**TRY IT**.
Your job with the data below is to output exactly the lines from the one holding "#25=DIRECTION('',(0.,1.,0.));" down to the one holding "#34=DIRECTION('',(0.,0.,1.));", both included, and no others.

**DATASET ENTRIES**.

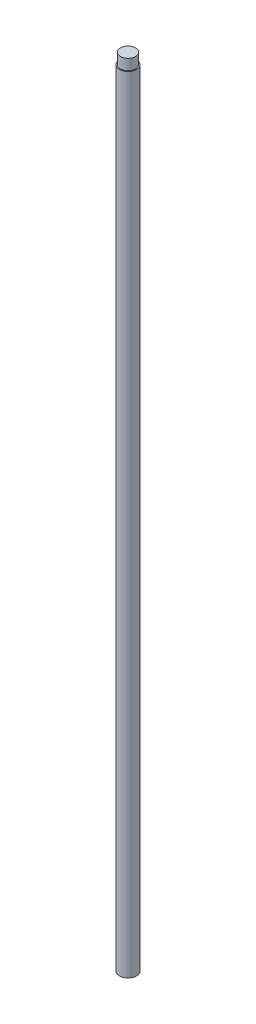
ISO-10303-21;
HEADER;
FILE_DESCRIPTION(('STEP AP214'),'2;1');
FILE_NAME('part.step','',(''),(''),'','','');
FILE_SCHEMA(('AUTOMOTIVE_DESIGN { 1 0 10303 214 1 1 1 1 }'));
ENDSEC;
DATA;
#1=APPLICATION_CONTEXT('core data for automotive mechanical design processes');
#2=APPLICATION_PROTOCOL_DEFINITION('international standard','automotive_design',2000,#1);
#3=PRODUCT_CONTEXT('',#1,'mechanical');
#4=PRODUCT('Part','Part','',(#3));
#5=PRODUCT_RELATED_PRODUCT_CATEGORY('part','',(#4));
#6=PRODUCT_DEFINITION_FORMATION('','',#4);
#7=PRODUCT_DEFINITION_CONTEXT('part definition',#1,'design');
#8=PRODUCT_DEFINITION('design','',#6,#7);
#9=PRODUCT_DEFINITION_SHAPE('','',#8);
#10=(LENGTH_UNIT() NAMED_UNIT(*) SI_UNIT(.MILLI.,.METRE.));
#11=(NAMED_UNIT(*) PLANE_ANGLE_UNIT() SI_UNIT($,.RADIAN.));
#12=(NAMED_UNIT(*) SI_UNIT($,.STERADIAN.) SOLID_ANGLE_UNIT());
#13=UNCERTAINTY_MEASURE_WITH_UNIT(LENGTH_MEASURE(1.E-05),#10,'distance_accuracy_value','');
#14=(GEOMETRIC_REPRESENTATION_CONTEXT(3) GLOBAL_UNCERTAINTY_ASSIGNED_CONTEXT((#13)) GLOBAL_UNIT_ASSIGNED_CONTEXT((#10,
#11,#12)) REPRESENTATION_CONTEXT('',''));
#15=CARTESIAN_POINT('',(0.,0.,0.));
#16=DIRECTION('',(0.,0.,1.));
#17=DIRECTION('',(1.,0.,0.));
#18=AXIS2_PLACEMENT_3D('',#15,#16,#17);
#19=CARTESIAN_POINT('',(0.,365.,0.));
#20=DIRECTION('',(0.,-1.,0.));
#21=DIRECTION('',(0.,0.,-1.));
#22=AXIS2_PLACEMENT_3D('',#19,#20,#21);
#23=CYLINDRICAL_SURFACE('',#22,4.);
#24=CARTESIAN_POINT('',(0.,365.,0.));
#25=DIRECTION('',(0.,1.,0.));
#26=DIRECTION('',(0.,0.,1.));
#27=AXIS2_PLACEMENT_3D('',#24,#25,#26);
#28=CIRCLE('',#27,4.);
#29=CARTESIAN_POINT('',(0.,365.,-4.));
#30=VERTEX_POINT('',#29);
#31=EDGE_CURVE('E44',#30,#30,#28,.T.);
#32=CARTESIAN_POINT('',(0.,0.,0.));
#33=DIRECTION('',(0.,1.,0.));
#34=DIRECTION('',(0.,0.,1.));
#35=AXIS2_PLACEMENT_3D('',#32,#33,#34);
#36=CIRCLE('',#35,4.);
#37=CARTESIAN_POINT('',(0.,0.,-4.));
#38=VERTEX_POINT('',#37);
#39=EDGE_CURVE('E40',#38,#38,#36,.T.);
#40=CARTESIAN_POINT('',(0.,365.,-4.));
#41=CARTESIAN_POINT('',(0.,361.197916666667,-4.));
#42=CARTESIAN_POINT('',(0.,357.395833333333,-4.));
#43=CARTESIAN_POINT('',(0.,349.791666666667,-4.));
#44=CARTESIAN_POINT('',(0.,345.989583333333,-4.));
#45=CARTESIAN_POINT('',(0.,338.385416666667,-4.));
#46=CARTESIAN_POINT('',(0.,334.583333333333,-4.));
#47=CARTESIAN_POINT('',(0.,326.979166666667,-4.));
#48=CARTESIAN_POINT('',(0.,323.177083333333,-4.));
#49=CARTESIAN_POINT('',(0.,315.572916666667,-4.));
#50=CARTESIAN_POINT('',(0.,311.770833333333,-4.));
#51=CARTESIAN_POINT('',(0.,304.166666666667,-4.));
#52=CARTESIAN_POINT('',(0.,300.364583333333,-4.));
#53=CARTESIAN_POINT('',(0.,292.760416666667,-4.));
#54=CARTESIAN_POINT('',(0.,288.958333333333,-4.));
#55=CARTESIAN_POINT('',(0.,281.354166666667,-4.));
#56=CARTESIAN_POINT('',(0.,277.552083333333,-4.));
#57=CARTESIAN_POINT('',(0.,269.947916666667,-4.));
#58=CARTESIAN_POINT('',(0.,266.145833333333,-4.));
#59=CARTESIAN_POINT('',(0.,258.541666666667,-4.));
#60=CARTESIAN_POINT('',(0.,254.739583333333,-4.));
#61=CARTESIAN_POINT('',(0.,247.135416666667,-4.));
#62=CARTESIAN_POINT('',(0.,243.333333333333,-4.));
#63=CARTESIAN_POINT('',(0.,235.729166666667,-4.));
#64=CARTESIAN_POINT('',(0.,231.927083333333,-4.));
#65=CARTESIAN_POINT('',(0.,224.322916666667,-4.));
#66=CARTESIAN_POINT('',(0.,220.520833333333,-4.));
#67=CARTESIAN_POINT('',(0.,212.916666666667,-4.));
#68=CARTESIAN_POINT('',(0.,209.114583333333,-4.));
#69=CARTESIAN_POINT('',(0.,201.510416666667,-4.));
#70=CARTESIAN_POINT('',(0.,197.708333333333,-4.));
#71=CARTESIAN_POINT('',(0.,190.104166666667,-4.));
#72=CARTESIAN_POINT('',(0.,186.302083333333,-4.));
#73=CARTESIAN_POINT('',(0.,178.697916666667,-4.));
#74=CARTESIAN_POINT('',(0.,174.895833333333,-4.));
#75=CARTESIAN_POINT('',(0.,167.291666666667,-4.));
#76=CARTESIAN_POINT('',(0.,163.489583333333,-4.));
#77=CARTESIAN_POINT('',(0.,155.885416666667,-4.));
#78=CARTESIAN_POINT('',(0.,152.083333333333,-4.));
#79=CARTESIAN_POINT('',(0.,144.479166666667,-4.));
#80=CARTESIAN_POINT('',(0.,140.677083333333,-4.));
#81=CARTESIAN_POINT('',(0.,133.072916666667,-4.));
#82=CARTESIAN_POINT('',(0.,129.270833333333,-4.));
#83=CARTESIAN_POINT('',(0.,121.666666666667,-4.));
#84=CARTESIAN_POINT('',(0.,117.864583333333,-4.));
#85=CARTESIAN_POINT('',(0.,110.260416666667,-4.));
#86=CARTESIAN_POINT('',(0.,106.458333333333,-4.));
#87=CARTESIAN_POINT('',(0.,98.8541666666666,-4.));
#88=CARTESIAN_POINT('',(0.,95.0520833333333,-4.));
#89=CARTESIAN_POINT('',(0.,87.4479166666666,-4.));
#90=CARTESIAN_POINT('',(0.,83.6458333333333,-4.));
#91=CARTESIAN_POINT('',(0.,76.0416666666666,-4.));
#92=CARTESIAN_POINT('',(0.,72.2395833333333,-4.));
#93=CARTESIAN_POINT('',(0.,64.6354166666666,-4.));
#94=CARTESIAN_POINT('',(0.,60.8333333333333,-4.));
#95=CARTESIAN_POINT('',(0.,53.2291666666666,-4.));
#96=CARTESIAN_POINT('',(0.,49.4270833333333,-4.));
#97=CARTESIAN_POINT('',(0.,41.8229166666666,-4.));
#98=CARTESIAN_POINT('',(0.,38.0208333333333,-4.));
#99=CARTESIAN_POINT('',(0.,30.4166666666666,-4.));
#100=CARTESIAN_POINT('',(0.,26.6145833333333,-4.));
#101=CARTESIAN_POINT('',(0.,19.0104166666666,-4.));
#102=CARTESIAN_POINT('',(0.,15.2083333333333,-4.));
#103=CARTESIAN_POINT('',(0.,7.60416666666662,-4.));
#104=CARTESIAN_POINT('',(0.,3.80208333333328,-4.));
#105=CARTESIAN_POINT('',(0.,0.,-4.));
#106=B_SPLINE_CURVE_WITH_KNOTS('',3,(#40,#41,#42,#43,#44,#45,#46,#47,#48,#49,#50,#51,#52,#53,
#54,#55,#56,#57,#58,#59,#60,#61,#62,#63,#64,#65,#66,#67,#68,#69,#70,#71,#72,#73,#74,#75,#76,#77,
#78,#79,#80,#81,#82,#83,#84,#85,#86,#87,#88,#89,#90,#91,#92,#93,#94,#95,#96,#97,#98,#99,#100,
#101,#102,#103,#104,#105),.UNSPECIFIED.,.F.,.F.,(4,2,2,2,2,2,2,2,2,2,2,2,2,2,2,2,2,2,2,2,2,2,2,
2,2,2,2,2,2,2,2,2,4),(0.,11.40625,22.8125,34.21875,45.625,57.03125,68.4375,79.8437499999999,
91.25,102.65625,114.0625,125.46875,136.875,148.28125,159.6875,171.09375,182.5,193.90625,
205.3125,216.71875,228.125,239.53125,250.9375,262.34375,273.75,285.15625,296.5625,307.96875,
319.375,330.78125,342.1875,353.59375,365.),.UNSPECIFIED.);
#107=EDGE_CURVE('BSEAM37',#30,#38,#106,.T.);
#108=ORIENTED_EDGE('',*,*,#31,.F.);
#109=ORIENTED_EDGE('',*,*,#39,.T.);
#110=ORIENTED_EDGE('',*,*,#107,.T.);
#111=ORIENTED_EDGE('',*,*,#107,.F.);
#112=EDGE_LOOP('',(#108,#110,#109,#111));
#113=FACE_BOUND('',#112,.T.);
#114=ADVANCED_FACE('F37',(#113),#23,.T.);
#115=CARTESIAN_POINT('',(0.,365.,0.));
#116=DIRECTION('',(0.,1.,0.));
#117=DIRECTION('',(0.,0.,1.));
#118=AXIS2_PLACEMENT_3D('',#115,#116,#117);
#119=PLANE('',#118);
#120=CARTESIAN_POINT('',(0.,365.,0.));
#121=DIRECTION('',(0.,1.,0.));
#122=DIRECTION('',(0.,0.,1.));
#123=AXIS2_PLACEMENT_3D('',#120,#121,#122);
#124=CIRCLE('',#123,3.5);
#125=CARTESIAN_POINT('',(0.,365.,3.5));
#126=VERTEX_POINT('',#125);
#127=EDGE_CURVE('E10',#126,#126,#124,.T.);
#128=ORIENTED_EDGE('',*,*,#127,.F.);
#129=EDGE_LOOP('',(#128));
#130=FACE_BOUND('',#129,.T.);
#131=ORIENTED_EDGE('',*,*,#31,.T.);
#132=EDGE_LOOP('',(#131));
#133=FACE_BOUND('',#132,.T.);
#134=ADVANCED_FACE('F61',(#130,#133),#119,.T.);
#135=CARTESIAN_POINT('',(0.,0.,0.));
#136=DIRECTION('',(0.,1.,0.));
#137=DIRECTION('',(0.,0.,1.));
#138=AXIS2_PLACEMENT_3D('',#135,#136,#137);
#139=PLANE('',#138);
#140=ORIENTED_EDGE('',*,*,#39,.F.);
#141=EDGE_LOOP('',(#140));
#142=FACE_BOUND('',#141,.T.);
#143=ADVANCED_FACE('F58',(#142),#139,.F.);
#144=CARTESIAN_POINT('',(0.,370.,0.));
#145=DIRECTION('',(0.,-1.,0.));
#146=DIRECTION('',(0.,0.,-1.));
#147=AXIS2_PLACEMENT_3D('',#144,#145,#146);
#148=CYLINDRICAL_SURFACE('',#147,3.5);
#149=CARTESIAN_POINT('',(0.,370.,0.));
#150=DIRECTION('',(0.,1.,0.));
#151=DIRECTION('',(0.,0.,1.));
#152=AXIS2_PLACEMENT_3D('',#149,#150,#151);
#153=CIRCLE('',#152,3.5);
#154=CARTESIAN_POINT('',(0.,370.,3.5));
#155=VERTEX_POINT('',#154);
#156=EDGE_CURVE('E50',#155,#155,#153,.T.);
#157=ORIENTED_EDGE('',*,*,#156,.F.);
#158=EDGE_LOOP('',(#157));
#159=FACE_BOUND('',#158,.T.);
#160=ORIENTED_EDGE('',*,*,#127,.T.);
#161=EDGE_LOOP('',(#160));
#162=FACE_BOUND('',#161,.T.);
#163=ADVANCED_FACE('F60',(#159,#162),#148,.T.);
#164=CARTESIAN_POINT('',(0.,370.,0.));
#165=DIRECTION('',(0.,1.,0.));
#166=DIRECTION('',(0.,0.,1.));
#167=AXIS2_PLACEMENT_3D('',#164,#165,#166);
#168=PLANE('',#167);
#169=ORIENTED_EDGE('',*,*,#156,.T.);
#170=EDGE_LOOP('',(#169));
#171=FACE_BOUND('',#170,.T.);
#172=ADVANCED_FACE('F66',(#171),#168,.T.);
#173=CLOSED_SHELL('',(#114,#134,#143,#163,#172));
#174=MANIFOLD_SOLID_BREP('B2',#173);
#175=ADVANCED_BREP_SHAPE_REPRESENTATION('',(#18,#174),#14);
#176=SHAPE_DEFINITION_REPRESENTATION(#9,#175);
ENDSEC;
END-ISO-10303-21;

**RESULT OF THIS TASK**.
#25=DIRECTION('',(0.,1.,0.));
#26=DIRECTION('',(0.,0.,1.));
#27=AXIS2_PLACEMENT_3D('',#24,#25,#26);
#28=CIRCLE('',#27,4.);
#29=CARTESIAN_POINT('',(0.,365.,-4.));
#30=VERTEX_POINT('',#29);
#31=EDGE_CURVE('E44',#30,#30,#28,.T.);
#32=CARTESIAN_POINT('',(0.,0.,0.));
#33=DIRECTION('',(0.,1.,0.));
#34=DIRECTION('',(0.,0.,1.));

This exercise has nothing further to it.